DIRECTIONS FOR THIS TASK: From the entries below, retype only the lines from the one with "Constant : Constant" through the one with "IIR1 : Subsystem", exactly as written.

LISTED RECORDS:
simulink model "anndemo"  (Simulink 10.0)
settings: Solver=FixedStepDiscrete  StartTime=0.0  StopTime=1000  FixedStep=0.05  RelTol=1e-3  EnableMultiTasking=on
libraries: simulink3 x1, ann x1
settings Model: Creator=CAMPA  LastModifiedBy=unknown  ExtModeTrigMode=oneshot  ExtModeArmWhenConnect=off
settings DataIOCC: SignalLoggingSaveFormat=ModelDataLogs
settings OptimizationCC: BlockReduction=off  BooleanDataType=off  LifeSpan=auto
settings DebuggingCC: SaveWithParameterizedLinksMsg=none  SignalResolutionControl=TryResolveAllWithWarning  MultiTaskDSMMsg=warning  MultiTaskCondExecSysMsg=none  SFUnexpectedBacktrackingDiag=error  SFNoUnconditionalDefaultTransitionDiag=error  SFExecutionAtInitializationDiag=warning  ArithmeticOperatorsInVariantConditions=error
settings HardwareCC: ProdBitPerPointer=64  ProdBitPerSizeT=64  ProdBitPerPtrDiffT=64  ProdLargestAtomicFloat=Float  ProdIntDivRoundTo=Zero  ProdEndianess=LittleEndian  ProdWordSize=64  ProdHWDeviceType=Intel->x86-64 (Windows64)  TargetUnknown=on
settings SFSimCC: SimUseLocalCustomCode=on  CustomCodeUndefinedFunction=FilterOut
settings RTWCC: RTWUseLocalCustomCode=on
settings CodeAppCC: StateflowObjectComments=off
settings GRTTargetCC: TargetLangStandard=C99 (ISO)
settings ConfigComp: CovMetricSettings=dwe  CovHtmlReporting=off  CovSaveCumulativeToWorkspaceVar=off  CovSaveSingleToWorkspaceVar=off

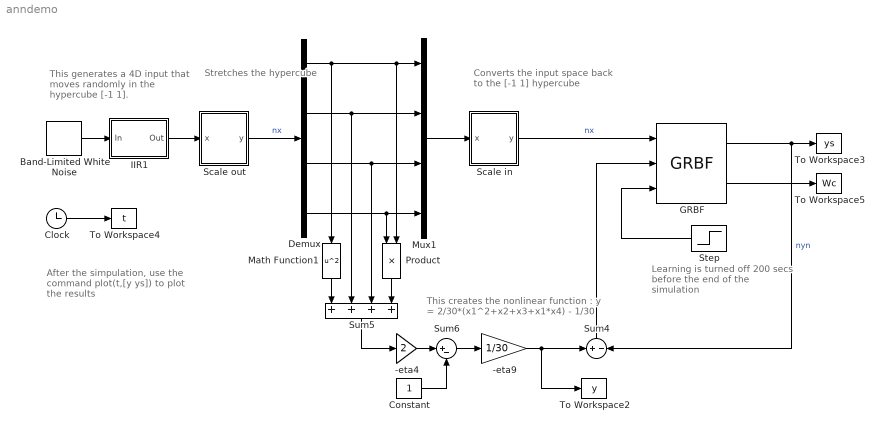
== system anndemo ==
  note: After the simpulation,
      | use the command
      | plot(t,[y ys])
      | to plot the results
  note: This generates a 4D input
      | that moves randomly in the
      | hypercube [-1 1].
  note: Stretches the
      | hypercube
  note: Converts the input
      | space back to the
      | [-1 1] hypercube
  note: This creates the nonlinear function :
      | y = 2/30*(x1^2+x2+x3+x1*x4) - 1/30
  note: Learning is turned off
      | 200 secs before the
      | end of the simulation
  -eta4 : Gain  Gain=2  SaturateOnIntegerOverflow=on  OutDataTypeStr=Inherit: Same as input  ParamDataTypeStr=Inherit: Same as input
  -eta9 : Gain  Gain=1/30  SaturateOnIntegerOverflow=on  OutDataTypeStr=Inherit: Same as input  ParamDataTypeStr=Inherit: Same as input
  Band-Limited White Noise : simulink3/Sources/Band-Limited White Noise  Cov=[1 1 1 1]  Ts=0.05  seed=1:4
      settings: SourceProductName=Simulink  SourceProductBaseCode=SL
  Clock : Clock
  Constant : Constant
  Demux : Demux
  GRBF : ann/GRBF  dim=[4 1]  nwrap="[100     1           10               1]"  eta=[1 1 1]*1e-3  gam=[1 1 1]*1e-6  lim=[1 1 1]*1e6  e1=0.2  e2="[0.3  0.2  0.999]"  e3=[0 0.5]  x0=zeros((4+2)*100+2,1)  T=0.05
  IIR1 : Subsystem  mask(Discrete Time First Order IIR){ni=4, a=0.25, x0=0, T=0.05}
      mask prompts: ni "Number of Channels"; a "Cutoff Frequency (a)"; x0 "Initial Condition"; T "Sample Time"
      mask help:
      | Each channel has the transfer function
      |   (1-exp(-aT))/(1-exp(-aT)(z^-1)) which is a good
      |   (pz-matched) approximation of a/(s+a) if 10*a*T<pi
      mask init:
      | A=[];B=[];C=[];D=[];
      | for i=1:ni,
      | A=[A,zeros(size(A,1),1);zeros(1,size(A,2)),exp(-a*T)];
      | B=[B,zeros(size(B,1),1);zeros(1,size(B,2)),1-exp(-a*T)];
      | C=[C,zeros(size(C,1),1);zeros(1,size(C,2)),exp(-a*T)];
      | D=[D,zeros(size(D,1),1);zeros(1,size(D,2)),1-exp(-a*T)];
      | end
      mask Help:
      | <p>
      |   Each channel has the transfer function
      |   (1-exp(-aT))/(1-exp(-aT)(z^-1)) which is a good
      |   (pz-matched) approximation of a/(s+a) if 10*a*T<pi
      | </p>
      mask Display: dpoly(a,[1 a],'s')
  Math Function1 : Math  Operator=square  SaturateOnIntegerOverflow=on
  Mux1 : Mux
  Product : Product  SaturateOnIntegerOverflow=on  RndMeth=Zero  InputSameDT=on  OutDataTypeStr=Inherit: Same as first input
  Scale in : Subsystem  mask(Scale){xmin=[0 -5 -6 -2], xmax=[1 0 6 7], ymin=[-1 -1 -1 -1], ymax=[1 1 1 1]}
      mask prompts: xmin "x min"; xmax "x max"; ymin "y min"; ymax "y max"
      mask help:
      | Scales the input vector x, ranging from xmin to xmax,
      |    to an output vector y, ranging from ymin to ymax
      mask Help:
      | Scales the input vector x, ranging from xmin to xmax,
      |    to an output vector y, ranging from ymin to ymax
  Scale out : Subsystem  mask(Scale){xmin=[-1 -1 -1 -1], xmax=[1 1 1 1], ymin=[0 -5 -6 -2], ymax=[1 0 6 7]}
      mask prompts: xmin "x min"; xmax "x max"; ymin "y min"; ymax "y max"
      mask help:
      | Scales the input vector x, ranging from xmin to xmax,
      |    to an output vector y, ranging from ymin to ymax
      mask Help:
      | Scales the input vector x, ranging from xmin to xmax,
      |    to an output vector y, ranging from ymin to ymax
  Step : Step  Time=800  Before=1  After=0  SampleTime=0.05
  Sum4 : Sum  Inputs=+|-  SaturateOnIntegerOverflow=on  InputSameDT=on  OutDataTypeStr=Inherit: Same as first input
  Sum5 : Sum  Inputs=++++  SaturateOnIntegerOverflow=on  InputSameDT=on  OutDataTypeStr=Inherit: Same as first input
  Sum6 : Sum  Inputs=|+-  SaturateOnIntegerOverflow=on  InputSameDT=on  OutDataTypeStr=Inherit: Same as first input
  To Workspace2 : ToWorkspace  VariableName=y  SampleTime=-1
  To Workspace3 : ToWorkspace  VariableName=ys  SampleTime=0.05
  To Workspace4 : ToWorkspace  VariableName=t  SampleTime=0.05
  To Workspace5 : ToWorkspace  VariableName=Wc  SampleTime=0.05
  wires:
  Demux/1 -> Math Function1/1, Product/2, Mux1/1
  Demux/2 -> Sum5/2, Mux1/2
  Demux/3 -> Sum5/3, Mux1/3
  Math Function1/1 -> Sum5/1
  Sum5/1 -> -eta4/1
  Mux1/1 -> Scale in/1(x)
  Constant/1 -> Sum6/2
  -eta4/1 -> Sum6/1
  Sum6/1 -> -eta9/1
  -eta9/1 -> Sum4/1, To Workspace2/1
  Product/1 -> Sum5/4
  Demux/4 -> Product/1, Mux1/4
  Band-Limited White Noise/1 -> IIR1/1(In)
  Scale out/1(y) -> Demux/1  "nx"
  Clock/1 -> To Workspace4/1
  IIR1/1(Out) -> Scale out/1(x)
  GRBF/1 -> To Workspace3/1, Sum4/2  "nyn"
  GRBF/2 -> To Workspace5/1
  Step/1 -> GRBF/3
  Scale in/1(y) -> GRBF/1  "nx"
  Sum4/1 -> GRBF/2

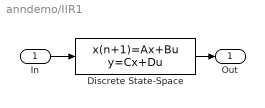
== system anndemo/IIR1 ==
  In : Inport
  Discrete State-Space : DiscreteStateSpace  A=A  B=B  C=C  D=D  InitialCondition=x0  SampleTime=T
  Out : Outport
  wires:
  Discrete State-Space/1 -> Out/1
  In/1 -> Discrete State-Space/1

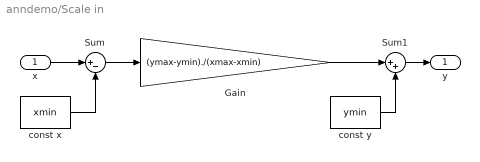
== system anndemo/Scale in ==
  x : Inport
  Gain : Gain  Gain=(ymax-ymin)./(xmax-xmin)  SaturateOnIntegerOverflow=on  OutDataTypeStr=Inherit: Same as input  ParamDataTypeStr=Inherit: Same as input
  Sum : Sum  Inputs=|+-  SaturateOnIntegerOverflow=on  InputSameDT=on  OutDataTypeStr=Inherit: Same as first input
  Sum1 : Sum  Inputs=|++  SaturateOnIntegerOverflow=on  InputSameDT=on  OutDataTypeStr=Inherit: Same as first input
  const x : Constant  Value=xmin
  const y : Constant  Value=ymin
  y : Outport
  wires:
  const y/1 -> Sum1/2
  Sum1/1 -> y/1
  Gain/1 -> Sum1/1
  const x/1 -> Sum/2
  Sum/1 -> Gain/1
  x/1 -> Sum/1

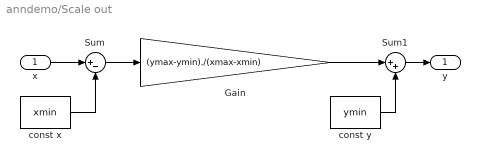
== system anndemo/Scale out ==
  x : Inport
  Gain : Gain  Gain=(ymax-ymin)./(xmax-xmin)  SaturateOnIntegerOverflow=on  OutDataTypeStr=Inherit: Same as input  ParamDataTypeStr=Inherit: Same as input
  Sum : Sum  Inputs=|+-  SaturateOnIntegerOverflow=on  InputSameDT=on  OutDataTypeStr=Inherit: Same as first input
  Sum1 : Sum  Inputs=|++  SaturateOnIntegerOverflow=on  InputSameDT=on  OutDataTypeStr=Inherit: Same as first input
  const x : Constant  Value=xmin
  const y : Constant  Value=ymin
  y : Outport
  wires:
  x/1 -> Sum/1
  Sum/1 -> Gain/1
  const x/1 -> Sum/2
  Gain/1 -> Sum1/1
  Sum1/1 -> y/1
  const y/1 -> Sum1/2

RESULT:
  Constant : Constant
  Demux : Demux
  GRBF : ann/GRBF  dim=[4 1]  nwrap="[100     1           10               1]"  eta=[1 1 1]*1e-3  gam=[1 1 1]*1e-6  lim=[1 1 1]*1e6  e1=0.2  e2="[0.3  0.2  0.999]"  e3=[0 0.5]  x0=zeros((4+2)*100+2,1)  T=0.05
  IIR1 : Subsystem  mask(Discrete Time First Order IIR){ni=4, a=0.25, x0=0, T=0.05}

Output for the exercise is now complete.